Her bloom sank into my skin in such close quarters, and stayed there, teasing me until I felt half-drunk most days. Her gaze was every bit as hazed as my mind when, from time to time, our eyes would meet. I took to pulling the hood of my assassin’s cloak even lower over my face, and watching her from its cover like some predator stalking an unsuspecting meal.

“That garrote wire looks rusty,” I noted, glancing up from the Starlakian text on Omega reproductive health that the young Alpha had been reading the night before. It was fascinating, and terrifying. The mistakes I might have made with Roya, if I hadn’t refused her advances when she was sixteen… I shivered. “I have oil in my fourth inner right pocket if you need.”

“Thanks.” She collected it from my cloak, her fingers moving gently over the waterproofed cloth before oiling her wire, re-spooling it, and putting everything back. She moved on to her blades, polishing them, and then to the small, stoppered vials and the sealed packets of antidotes that went along with them.

Her collection was meager, compared to my own. But then again, she hadn’t been allowed to graduate, so she hadn’t received the gift her lead instructor had prepared for her.

I’d spent a significant amount on that gift. It was probably still in my room back at the Guild training grounds, lying wrapped on my bed: a true assassin’s cloak, filled with everything a teacher was allowed to give his student.

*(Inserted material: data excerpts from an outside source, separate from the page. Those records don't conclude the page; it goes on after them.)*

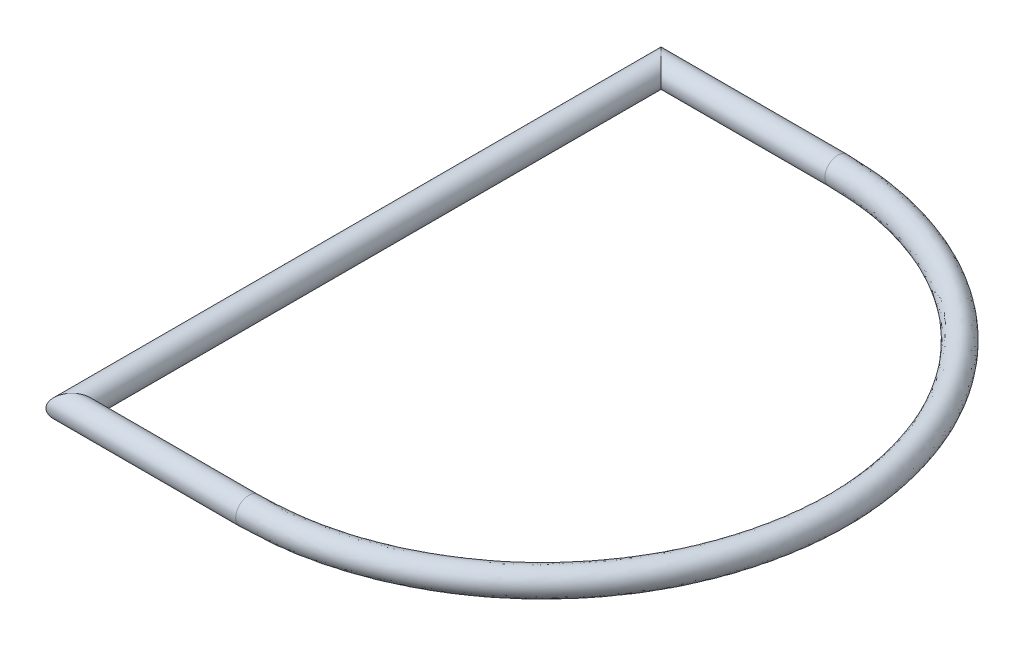
ISO-10303-21;
HEADER;
FILE_DESCRIPTION(('STEP AP214'),'2;1');
FILE_NAME('part.step','',(''),(''),'','','');
FILE_SCHEMA(('AUTOMOTIVE_DESIGN { 1 0 10303 214 1 1 1 1 }'));
ENDSEC;
DATA;
#1=APPLICATION_CONTEXT('core data for automotive mechanical design processes');
#2=APPLICATION_PROTOCOL_DEFINITION('international standard','automotive_design',2000,#1);
#3=PRODUCT_CONTEXT('',#1,'mechanical');
#4=PRODUCT('Part','Part','',(#3));
#5=PRODUCT_RELATED_PRODUCT_CATEGORY('part','',(#4));
#6=PRODUCT_DEFINITION_FORMATION('','',#4);
#7=PRODUCT_DEFINITION_CONTEXT('part definition',#1,'design');
#8=PRODUCT_DEFINITION('design','',#6,#7);
#9=PRODUCT_DEFINITION_SHAPE('','',#8);
#10=(LENGTH_UNIT() NAMED_UNIT(*) SI_UNIT(.MILLI.,.METRE.));
#11=(NAMED_UNIT(*) PLANE_ANGLE_UNIT() SI_UNIT($,.RADIAN.));
#12=(NAMED_UNIT(*) SI_UNIT($,.STERADIAN.) SOLID_ANGLE_UNIT());
#13=UNCERTAINTY_MEASURE_WITH_UNIT(LENGTH_MEASURE(1.E-05),#10,'distance_accuracy_value','');
#14=(GEOMETRIC_REPRESENTATION_CONTEXT(3) GLOBAL_UNCERTAINTY_ASSIGNED_CONTEXT((#13)) GLOBAL_UNIT_ASSIGNED_CONTEXT((#10,
#11,#12)) REPRESENTATION_CONTEXT('',''));
#15=CARTESIAN_POINT('',(0.,0.,0.));
#16=DIRECTION('',(0.,0.,1.));
#17=DIRECTION('',(1.,0.,0.));
#18=AXIS2_PLACEMENT_3D('',#15,#16,#17);
#19=CARTESIAN_POINT('',(0.,0.,-13.0517427730953));
#20=CARTESIAN_POINT('',(0.579660819813724,0.,-13.0296161322367));
#21=CARTESIAN_POINT('',(1.8142200585183,0.,-12.9824909032065));
#22=CARTESIAN_POINT('',(3.75106764393843,0.,-12.5553704856439));
#23=CARTESIAN_POINT('',(5.8291454221124,0.,-11.7581310971385));
#24=CARTESIAN_POINT('',(7.79275026697985,0.,-10.5571059298187));
#25=CARTESIAN_POINT('',(9.53264609347826,0.,-9.0047109175893));
#26=CARTESIAN_POINT('',(10.9815373041297,0.,-7.18821796835268));
#27=CARTESIAN_POINT('',(12.1344228285057,0.,-5.01672025087689));
#28=CARTESIAN_POINT('',(12.8717880115216,0.,-2.58416208948237));
#29=CARTESIAN_POINT('',(13.1425535713877,0.,0.));
#30=CARTESIAN_POINT('',(12.8717880115216,0.,2.5841620894824));
#31=CARTESIAN_POINT('',(12.1344228285057,0.,5.01672025087689));
#32=CARTESIAN_POINT('',(10.9815373041297,0.,7.18821796835269));
#33=CARTESIAN_POINT('',(9.53264609347826,0.,9.00471091758929));
#34=CARTESIAN_POINT('',(7.79275026697981,0.,10.5571059298188));
#35=CARTESIAN_POINT('',(5.8291454221124,0.,11.7581310971385));
#36=CARTESIAN_POINT('',(3.75106764393843,0.,12.5553704856439));
#37=CARTESIAN_POINT('',(1.81422005851829,0.,12.9824909032065));
#38=CARTESIAN_POINT('',(0.57966081981372,0.,13.0296161322367));
#39=CARTESIAN_POINT('',(0.,0.,13.0517427730953));
#40=CARTESIAN_POINT('',(0.,1.10348554619066,-13.0517427730953));
#41=CARTESIAN_POINT('',(0.579660819813724,1.10348554619066,-13.0296161322367));
#42=CARTESIAN_POINT('',(1.8142200585183,1.10348554619066,-12.9824909032065));
#43=CARTESIAN_POINT('',(3.75106764393843,1.10348554619066,-12.5553704856439));
#44=CARTESIAN_POINT('',(5.8291454221124,1.10348554619066,-11.7581310971385));
#45=CARTESIAN_POINT('',(7.79275026697985,1.10348554619066,-10.5571059298187));
#46=CARTESIAN_POINT('',(9.53264609347826,1.10348554619066,-9.0047109175893));
#47=CARTESIAN_POINT('',(10.9815373041297,1.10348554619066,-7.18821796835268));
#48=CARTESIAN_POINT('',(12.1344228285057,1.10348554619066,-5.01672025087689));
#49=CARTESIAN_POINT('',(12.8717880115216,1.10348554619066,-2.58416208948237));
#50=CARTESIAN_POINT('',(13.1425535713877,1.10348554619066,0.));
#51=CARTESIAN_POINT('',(12.8717880115216,1.10348554619066,2.5841620894824));
#52=CARTESIAN_POINT('',(12.1344228285057,1.10348554619066,5.01672025087689));
#53=CARTESIAN_POINT('',(10.9815373041297,1.10348554619066,7.18821796835269));
#54=CARTESIAN_POINT('',(9.53264609347825,1.10348554619066,9.0047109175893));
#55=CARTESIAN_POINT('',(7.79275026697981,1.10348554619066,10.5571059298188));
#56=CARTESIAN_POINT('',(5.8291454221124,1.10348554619066,11.7581310971385));
#57=CARTESIAN_POINT('',(3.75106764393843,1.10348554619066,12.5553704856439));
#58=CARTESIAN_POINT('',(1.81422005851829,1.10348554619066,12.9824909032065));
#59=CARTESIAN_POINT('',(0.57966081981372,1.10348554619066,13.0296161322367));
#60=CARTESIAN_POINT('',(0.,1.10348554619066,13.0517427730953));
#61=CARTESIAN_POINT('',(0.,1.10348554619066,-11.9482572269047));
#62=CARTESIAN_POINT('',(0.53069960438273,1.10348554619066,-11.9280300585203));
#63=CARTESIAN_POINT('',(1.66098144709569,1.10348554619066,-11.8849503181822));
#64=CARTESIAN_POINT('',(3.43385639334133,1.10348554619066,-11.4938164579652));
#65=CARTESIAN_POINT('',(5.33642993741903,1.10348554619066,-10.7640562698605));
#66=CARTESIAN_POINT('',(7.1342158004503,1.10348554619066,-9.66418471073763));
#67=CARTESIAN_POINT('',(8.72547558777085,1.10348554619066,-8.24458503304859));
#68=CARTESIAN_POINT('',(10.0548596057948,1.10348554619066,-6.57736113181003));
#69=CARTESIAN_POINT('',(11.1059529028818,1.10348554619066,-4.59821895149239));
#70=CARTESIAN_POINT('',(11.7840714752216,1.10348554619066,-2.36194905499699));
#71=CARTESIAN_POINT('',(12.031110489848,1.10348554619066,0.));
#72=CARTESIAN_POINT('',(11.7840714752216,1.10348554619066,2.36194905499697));
#73=CARTESIAN_POINT('',(11.1059529028818,1.10348554619066,4.5982189514924));
#74=CARTESIAN_POINT('',(10.0548596057948,1.10348554619066,6.57736113181002));
#75=CARTESIAN_POINT('',(8.72547558777082,1.10348554619066,8.24458503304861));
#76=CARTESIAN_POINT('',(7.13421580045035,1.10348554619066,9.66418471073759));
#77=CARTESIAN_POINT('',(5.33642993741902,1.10348554619066,10.7640562698605));
#78=CARTESIAN_POINT('',(3.43385639334134,1.10348554619066,11.4938164579652));
#79=CARTESIAN_POINT('',(1.66098144709569,1.10348554619066,11.8849503181822));
#80=CARTESIAN_POINT('',(0.530699604382729,1.10348554619066,11.9280300585203));
#81=CARTESIAN_POINT('',(0.,1.10348554619066,11.9482572269047));
#82=CARTESIAN_POINT('',(0.,0.,-11.9482572269047));
#83=CARTESIAN_POINT('',(0.53069960438273,0.,-11.9280300585203));
#84=CARTESIAN_POINT('',(1.66098144709569,0.,-11.8849503181822));
#85=CARTESIAN_POINT('',(3.43385639334133,0.,-11.4938164579652));
#86=CARTESIAN_POINT('',(5.33642993741903,0.,-10.7640562698605));
#87=CARTESIAN_POINT('',(7.1342158004503,0.,-9.66418471073763));
#88=CARTESIAN_POINT('',(8.72547558777085,0.,-8.2445850330486));
#89=CARTESIAN_POINT('',(10.0548596057948,0.,-6.57736113181003));
#90=CARTESIAN_POINT('',(11.1059529028818,0.,-4.59821895149239));
#91=CARTESIAN_POINT('',(11.7840714752216,0.,-2.36194905499699));
#92=CARTESIAN_POINT('',(12.031110489848,0.,0.));
#93=CARTESIAN_POINT('',(11.7840714752216,0.,2.36194905499697));
#94=CARTESIAN_POINT('',(11.1059529028818,0.,4.5982189514924));
#95=CARTESIAN_POINT('',(10.0548596057948,0.,6.57736113181002));
#96=CARTESIAN_POINT('',(8.72547558777082,0.,8.24458503304861));
#97=CARTESIAN_POINT('',(7.13421580045035,0.,9.66418471073759));
#98=CARTESIAN_POINT('',(5.33642993741902,0.,10.7640562698605));
#99=CARTESIAN_POINT('',(3.43385639334134,0.,11.4938164579652));
#100=CARTESIAN_POINT('',(1.66098144709569,0.,11.8849503181822));
#101=CARTESIAN_POINT('',(0.530699604382729,0.,11.9280300585203));
#102=CARTESIAN_POINT('',(0.,0.,11.9482572269047));
#103=CARTESIAN_POINT('',(0.,-1.10348554619066,-11.9482572269047));
#104=CARTESIAN_POINT('',(0.53069960438273,-1.10348554619066,-11.9280300585203));
#105=CARTESIAN_POINT('',(1.66098144709569,-1.10348554619066,-11.8849503181822));
#106=CARTESIAN_POINT('',(3.43385639334133,-1.10348554619066,-11.4938164579652));
#107=CARTESIAN_POINT('',(5.33642993741903,-1.10348554619066,-10.7640562698605));
#108=CARTESIAN_POINT('',(7.1342158004503,-1.10348554619066,-9.66418471073763));
#109=CARTESIAN_POINT('',(8.72547558777085,-1.10348554619066,-8.24458503304859));
#110=CARTESIAN_POINT('',(10.0548596057948,-1.10348554619066,-6.57736113181003));
#111=CARTESIAN_POINT('',(11.1059529028818,-1.10348554619066,-4.59821895149239));
#112=CARTESIAN_POINT('',(11.7840714752216,-1.10348554619066,-2.36194905499699));
#113=CARTESIAN_POINT('',(12.031110489848,-1.10348554619066,0.));
#114=CARTESIAN_POINT('',(11.7840714752216,-1.10348554619066,2.36194905499697));
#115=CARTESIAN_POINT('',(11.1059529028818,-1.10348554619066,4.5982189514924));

My only student, though claiming her as my charge had nearly been the death of both of us. I smiled inside my hood, remembering the day I’d accepted her as mine.

The young Omega stared up at me with blue eyes that should have been the same as every other woman on the abandoned estate. She shook out her glossy blonde hair, the shade identical to at least ten of the other twenty-three souls I’d foolishly agreed to rescue from King Milian’s harem while Milian and his men were marching to Rimholt to depose the rightful king.